> [Exercise prompt]: If a record contains a picture, leave the picture out and reproduce everything else exactly.

--- START ---

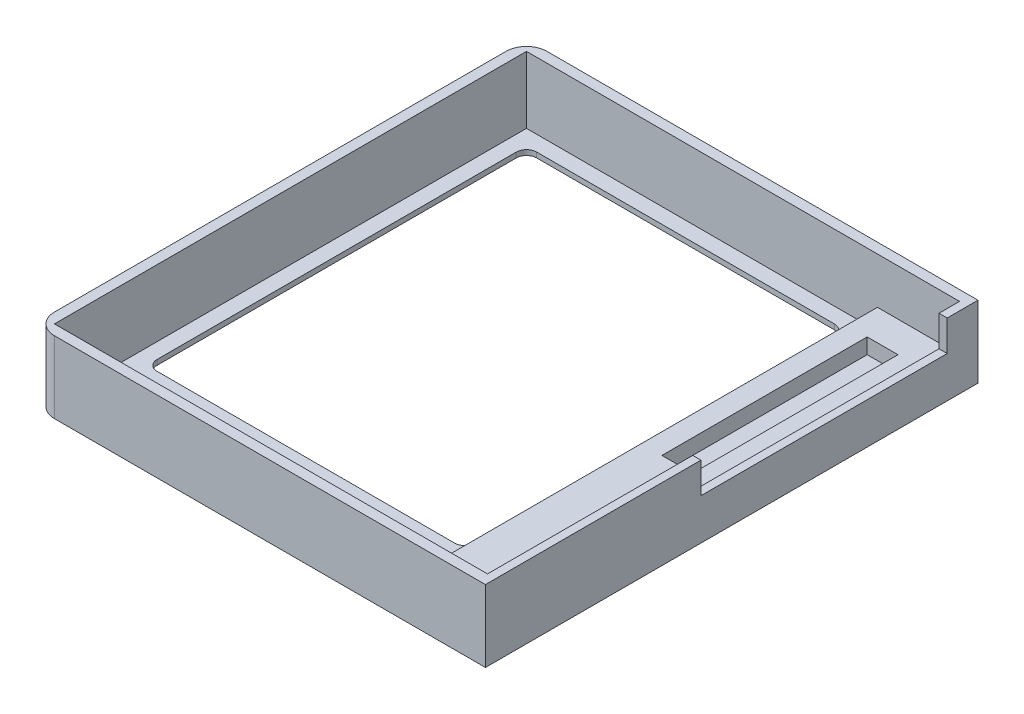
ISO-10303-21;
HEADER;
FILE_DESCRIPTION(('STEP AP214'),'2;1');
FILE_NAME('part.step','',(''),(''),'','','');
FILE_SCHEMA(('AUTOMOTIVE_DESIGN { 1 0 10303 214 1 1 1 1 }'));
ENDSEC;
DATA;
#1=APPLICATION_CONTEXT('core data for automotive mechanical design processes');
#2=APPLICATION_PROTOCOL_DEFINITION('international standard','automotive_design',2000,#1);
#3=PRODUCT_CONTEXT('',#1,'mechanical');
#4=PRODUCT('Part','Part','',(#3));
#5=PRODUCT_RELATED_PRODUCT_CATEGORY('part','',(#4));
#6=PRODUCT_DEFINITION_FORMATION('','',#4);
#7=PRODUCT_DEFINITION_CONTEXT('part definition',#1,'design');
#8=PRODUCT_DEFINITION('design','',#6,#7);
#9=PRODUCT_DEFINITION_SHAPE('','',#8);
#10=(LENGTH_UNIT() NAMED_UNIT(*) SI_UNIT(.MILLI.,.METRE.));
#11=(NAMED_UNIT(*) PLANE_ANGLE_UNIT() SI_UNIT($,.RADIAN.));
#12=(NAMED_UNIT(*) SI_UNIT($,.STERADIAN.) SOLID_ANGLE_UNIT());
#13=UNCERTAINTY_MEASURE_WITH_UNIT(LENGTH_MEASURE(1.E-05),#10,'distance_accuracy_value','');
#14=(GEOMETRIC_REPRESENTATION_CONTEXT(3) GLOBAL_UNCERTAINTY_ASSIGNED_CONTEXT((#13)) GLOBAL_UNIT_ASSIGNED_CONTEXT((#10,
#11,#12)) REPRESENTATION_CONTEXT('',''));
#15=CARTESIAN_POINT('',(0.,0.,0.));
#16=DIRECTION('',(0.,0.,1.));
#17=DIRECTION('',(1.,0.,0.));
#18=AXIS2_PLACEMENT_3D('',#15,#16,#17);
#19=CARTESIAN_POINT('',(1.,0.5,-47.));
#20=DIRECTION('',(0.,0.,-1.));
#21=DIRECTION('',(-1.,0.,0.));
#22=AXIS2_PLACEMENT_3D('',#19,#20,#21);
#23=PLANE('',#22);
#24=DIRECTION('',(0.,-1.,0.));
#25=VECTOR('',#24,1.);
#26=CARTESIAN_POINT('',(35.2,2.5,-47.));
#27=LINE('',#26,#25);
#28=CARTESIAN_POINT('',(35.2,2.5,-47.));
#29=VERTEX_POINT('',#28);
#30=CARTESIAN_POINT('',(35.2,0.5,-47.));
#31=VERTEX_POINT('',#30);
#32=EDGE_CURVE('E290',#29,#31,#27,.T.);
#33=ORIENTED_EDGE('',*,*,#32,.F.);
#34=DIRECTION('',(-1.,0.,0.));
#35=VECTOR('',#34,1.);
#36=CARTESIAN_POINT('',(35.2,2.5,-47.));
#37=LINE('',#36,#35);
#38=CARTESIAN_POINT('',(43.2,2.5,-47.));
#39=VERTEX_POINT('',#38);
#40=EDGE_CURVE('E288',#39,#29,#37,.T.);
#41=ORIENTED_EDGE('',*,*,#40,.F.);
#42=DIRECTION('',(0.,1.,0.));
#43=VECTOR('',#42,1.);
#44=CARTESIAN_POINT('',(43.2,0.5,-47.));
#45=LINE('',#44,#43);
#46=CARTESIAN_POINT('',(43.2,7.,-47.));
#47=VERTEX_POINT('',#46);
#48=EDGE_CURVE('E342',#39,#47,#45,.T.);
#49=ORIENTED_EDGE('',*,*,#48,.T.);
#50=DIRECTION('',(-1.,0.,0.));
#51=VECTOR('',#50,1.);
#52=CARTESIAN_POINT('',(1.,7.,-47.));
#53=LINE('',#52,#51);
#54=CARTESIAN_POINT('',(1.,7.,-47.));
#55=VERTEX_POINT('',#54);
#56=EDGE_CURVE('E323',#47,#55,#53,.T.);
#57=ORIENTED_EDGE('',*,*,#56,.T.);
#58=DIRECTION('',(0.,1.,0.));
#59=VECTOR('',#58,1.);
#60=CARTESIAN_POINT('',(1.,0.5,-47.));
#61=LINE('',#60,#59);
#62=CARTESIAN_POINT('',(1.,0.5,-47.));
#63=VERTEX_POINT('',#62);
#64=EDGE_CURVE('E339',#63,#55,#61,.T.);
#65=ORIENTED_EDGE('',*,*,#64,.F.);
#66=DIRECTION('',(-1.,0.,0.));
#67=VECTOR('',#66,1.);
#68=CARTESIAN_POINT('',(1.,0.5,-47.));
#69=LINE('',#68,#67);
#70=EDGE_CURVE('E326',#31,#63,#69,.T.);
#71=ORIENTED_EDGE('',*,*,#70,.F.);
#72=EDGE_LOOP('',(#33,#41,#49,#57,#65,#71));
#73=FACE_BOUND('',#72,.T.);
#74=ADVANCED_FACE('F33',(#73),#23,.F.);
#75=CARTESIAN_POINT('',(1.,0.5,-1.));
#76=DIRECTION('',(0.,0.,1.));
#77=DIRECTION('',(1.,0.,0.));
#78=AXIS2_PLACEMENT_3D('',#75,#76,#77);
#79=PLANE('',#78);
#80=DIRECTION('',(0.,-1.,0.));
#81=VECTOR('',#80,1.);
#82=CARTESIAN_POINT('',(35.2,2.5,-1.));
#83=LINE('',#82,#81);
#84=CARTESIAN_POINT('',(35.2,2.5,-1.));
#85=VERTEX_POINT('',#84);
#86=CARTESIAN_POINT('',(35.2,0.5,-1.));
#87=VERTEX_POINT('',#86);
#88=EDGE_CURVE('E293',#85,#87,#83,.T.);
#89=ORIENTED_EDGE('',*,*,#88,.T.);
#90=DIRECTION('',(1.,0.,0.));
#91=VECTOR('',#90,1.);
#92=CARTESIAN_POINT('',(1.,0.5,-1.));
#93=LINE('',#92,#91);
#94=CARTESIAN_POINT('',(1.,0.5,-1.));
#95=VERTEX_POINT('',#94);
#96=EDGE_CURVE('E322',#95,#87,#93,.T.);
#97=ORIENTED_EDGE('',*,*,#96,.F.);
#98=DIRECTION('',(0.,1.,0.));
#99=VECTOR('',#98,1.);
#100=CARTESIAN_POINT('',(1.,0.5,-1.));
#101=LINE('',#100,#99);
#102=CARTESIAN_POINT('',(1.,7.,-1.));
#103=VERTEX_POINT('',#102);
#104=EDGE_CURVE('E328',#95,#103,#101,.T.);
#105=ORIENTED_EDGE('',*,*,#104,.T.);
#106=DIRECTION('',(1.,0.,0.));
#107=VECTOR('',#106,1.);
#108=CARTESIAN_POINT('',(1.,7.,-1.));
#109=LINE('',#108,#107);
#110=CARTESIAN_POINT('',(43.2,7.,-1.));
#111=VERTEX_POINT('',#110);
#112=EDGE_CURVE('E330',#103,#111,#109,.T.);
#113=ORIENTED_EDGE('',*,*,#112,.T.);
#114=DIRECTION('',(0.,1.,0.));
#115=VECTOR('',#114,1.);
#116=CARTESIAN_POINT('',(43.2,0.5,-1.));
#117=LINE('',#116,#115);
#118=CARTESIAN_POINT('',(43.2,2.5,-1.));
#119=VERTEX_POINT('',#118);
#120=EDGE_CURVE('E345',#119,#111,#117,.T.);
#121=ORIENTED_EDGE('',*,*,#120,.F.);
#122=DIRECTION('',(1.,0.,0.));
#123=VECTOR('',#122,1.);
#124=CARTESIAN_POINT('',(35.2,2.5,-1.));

--- END ---

> [Expected answer]:
ISO-10303-21;
HEADER;
FILE_DESCRIPTION(('STEP AP214'),'2;1');
FILE_NAME('part.step','',(''),(''),'','','');
FILE_SCHEMA(('AUTOMOTIVE_DESIGN { 1 0 10303 214 1 1 1 1 }'));
ENDSEC;
DATA;
#1=APPLICATION_CONTEXT('core data for automotive mechanical design processes');
#2=APPLICATION_PROTOCOL_DEFINITION('international standard','automotive_design',2000,#1);
#3=PRODUCT_CONTEXT('',#1,'mechanical');
#4=PRODUCT('Part','Part','',(#3));
#5=PRODUCT_RELATED_PRODUCT_CATEGORY('part','',(#4));
#6=PRODUCT_DEFINITION_FORMATION('','',#4);
#7=PRODUCT_DEFINITION_CONTEXT('part definition',#1,'design');
#8=PRODUCT_DEFINITION('design','',#6,#7);
#9=PRODUCT_DEFINITION_SHAPE('','',#8);
#10=(LENGTH_UNIT() NAMED_UNIT(*) SI_UNIT(.MILLI.,.METRE.));
#11=(NAMED_UNIT(*) PLANE_ANGLE_UNIT() SI_UNIT($,.RADIAN.));
#12=(NAMED_UNIT(*) SI_UNIT($,.STERADIAN.) SOLID_ANGLE_UNIT());
#13=UNCERTAINTY_MEASURE_WITH_UNIT(LENGTH_MEASURE(1.E-05),#10,'distance_accuracy_value','');
#14=(GEOMETRIC_REPRESENTATION_CONTEXT(3) GLOBAL_UNCERTAINTY_ASSIGNED_CONTEXT((#13)) GLOBAL_UNIT_ASSIGNED_CONTEXT((#10,
#11,#12)) REPRESENTATION_CONTEXT('',''));
#15=CARTESIAN_POINT('',(0.,0.,0.));
#16=DIRECTION('',(0.,0.,1.));
#17=DIRECTION('',(1.,0.,0.));
#18=AXIS2_PLACEMENT_3D('',#15,#16,#17);
#19=CARTESIAN_POINT('',(1.,0.5,-47.));
#20=DIRECTION('',(0.,0.,-1.));
#21=DIRECTION('',(-1.,0.,0.));
#22=AXIS2_PLACEMENT_3D('',#19,#20,#21);
#23=PLANE('',#22);
#24=DIRECTION('',(0.,-1.,0.));
#25=VECTOR('',#24,1.);
#26=CARTESIAN_POINT('',(35.2,2.5,-47.));
#27=LINE('',#26,#25);
#28=CARTESIAN_POINT('',(35.2,2.5,-47.));
#29=VERTEX_POINT('',#28);
#30=CARTESIAN_POINT('',(35.2,0.5,-47.));
#31=VERTEX_POINT('',#30);
#32=EDGE_CURVE('E290',#29,#31,#27,.T.);
#33=ORIENTED_EDGE('',*,*,#32,.F.);
#34=DIRECTION('',(-1.,0.,0.));
#35=VECTOR('',#34,1.);
#36=CARTESIAN_POINT('',(35.2,2.5,-47.));
#37=LINE('',#36,#35);
#38=CARTESIAN_POINT('',(43.2,2.5,-47.));
#39=VERTEX_POINT('',#38);
#40=EDGE_CURVE('E288',#39,#29,#37,.T.);
#41=ORIENTED_EDGE('',*,*,#40,.F.);
#42=DIRECTION('',(0.,1.,0.));
#43=VECTOR('',#42,1.);
#44=CARTESIAN_POINT('',(43.2,0.5,-47.));
#45=LINE('',#44,#43);
#46=CARTESIAN_POINT('',(43.2,7.,-47.));
#47=VERTEX_POINT('',#46);
#48=EDGE_CURVE('E342',#39,#47,#45,.T.);
#49=ORIENTED_EDGE('',*,*,#48,.T.);
#50=DIRECTION('',(-1.,0.,0.));
#51=VECTOR('',#50,1.);
#52=CARTESIAN_POINT('',(1.,7.,-47.));
#53=LINE('',#52,#51);
#54=CARTESIAN_POINT('',(1.,7.,-47.));
#55=VERTEX_POINT('',#54);
#56=EDGE_CURVE('E323',#47,#55,#53,.T.);
#57=ORIENTED_EDGE('',*,*,#56,.T.);
#58=DIRECTION('',(0.,1.,0.));
#59=VECTOR('',#58,1.);
#60=CARTESIAN_POINT('',(1.,0.5,-47.));
#61=LINE('',#60,#59);
#62=CARTESIAN_POINT('',(1.,0.5,-47.));
#63=VERTEX_POINT('',#62);
#64=EDGE_CURVE('E339',#63,#55,#61,.T.);
#65=ORIENTED_EDGE('',*,*,#64,.F.);
#66=DIRECTION('',(-1.,0.,0.));
#67=VECTOR('',#66,1.);
#68=CARTESIAN_POINT('',(1.,0.5,-47.));
#69=LINE('',#68,#67);
#70=EDGE_CURVE('E326',#31,#63,#69,.T.);
#71=ORIENTED_EDGE('',*,*,#70,.F.);
#72=EDGE_LOOP('',(#33,#41,#49,#57,#65,#71));
#73=FACE_BOUND('',#72,.T.);
#74=ADVANCED_FACE('F33',(#73),#23,.F.);
#75=CARTESIAN_POINT('',(1.,0.5,-1.));
#76=DIRECTION('',(0.,0.,1.));
#77=DIRECTION('',(1.,0.,0.));
#78=AXIS2_PLACEMENT_3D('',#75,#76,#77);
#79=PLANE('',#78);
#80=DIRECTION('',(0.,-1.,0.));
#81=VECTOR('',#80,1.);
#82=CARTESIAN_POINT('',(35.2,2.5,-1.));
#83=LINE('',#82,#81);
#84=CARTESIAN_POINT('',(35.2,2.5,-1.));
#85=VERTEX_POINT('',#84);
#86=CARTESIAN_POINT('',(35.2,0.5,-1.));
#87=VERTEX_POINT('',#86);
#88=EDGE_CURVE('E293',#85,#87,#83,.T.);
#89=ORIENTED_EDGE('',*,*,#88,.T.);
#90=DIRECTION('',(1.,0.,0.));
#91=VECTOR('',#90,1.);
#92=CARTESIAN_POINT('',(1.,0.5,-1.));
#93=LINE('',#92,#91);
#94=CARTESIAN_POINT('',(1.,0.5,-1.));
#95=VERTEX_POINT('',#94);
#96=EDGE_CURVE('E322',#95,#87,#93,.T.);
#97=ORIENTED_EDGE('',*,*,#96,.F.);
#98=DIRECTION('',(0.,1.,0.));
#99=VECTOR('',#98,1.);
#100=CARTESIAN_POINT('',(1.,0.5,-1.));
#101=LINE('',#100,#99);
#102=CARTESIAN_POINT('',(1.,7.,-1.));
#103=VERTEX_POINT('',#102);
#104=EDGE_CURVE('E328',#95,#103,#101,.T.);
#105=ORIENTED_EDGE('',*,*,#104,.T.);
#106=DIRECTION('',(1.,0.,0.));
#107=VECTOR('',#106,1.);
#108=CARTESIAN_POINT('',(1.,7.,-1.));
#109=LINE('',#108,#107);
#110=CARTESIAN_POINT('',(43.2,7.,-1.));
#111=VERTEX_POINT('',#110);
#112=EDGE_CURVE('E330',#103,#111,#109,.T.);
#113=ORIENTED_EDGE('',*,*,#112,.T.);
#114=DIRECTION('',(0.,1.,0.));
#115=VECTOR('',#114,1.);
#116=CARTESIAN_POINT('',(43.2,0.5,-1.));
#117=LINE('',#116,#115);
#118=CARTESIAN_POINT('',(43.2,2.5,-1.));
#119=VERTEX_POINT('',#118);
#120=EDGE_CURVE('E345',#119,#111,#117,.T.);
#121=ORIENTED_EDGE('',*,*,#120,.F.);
#122=DIRECTION('',(1.,0.,0.));
#123=VECTOR('',#122,1.);
#124=CARTESIAN_POINT('',(35.2,2.5,-1.));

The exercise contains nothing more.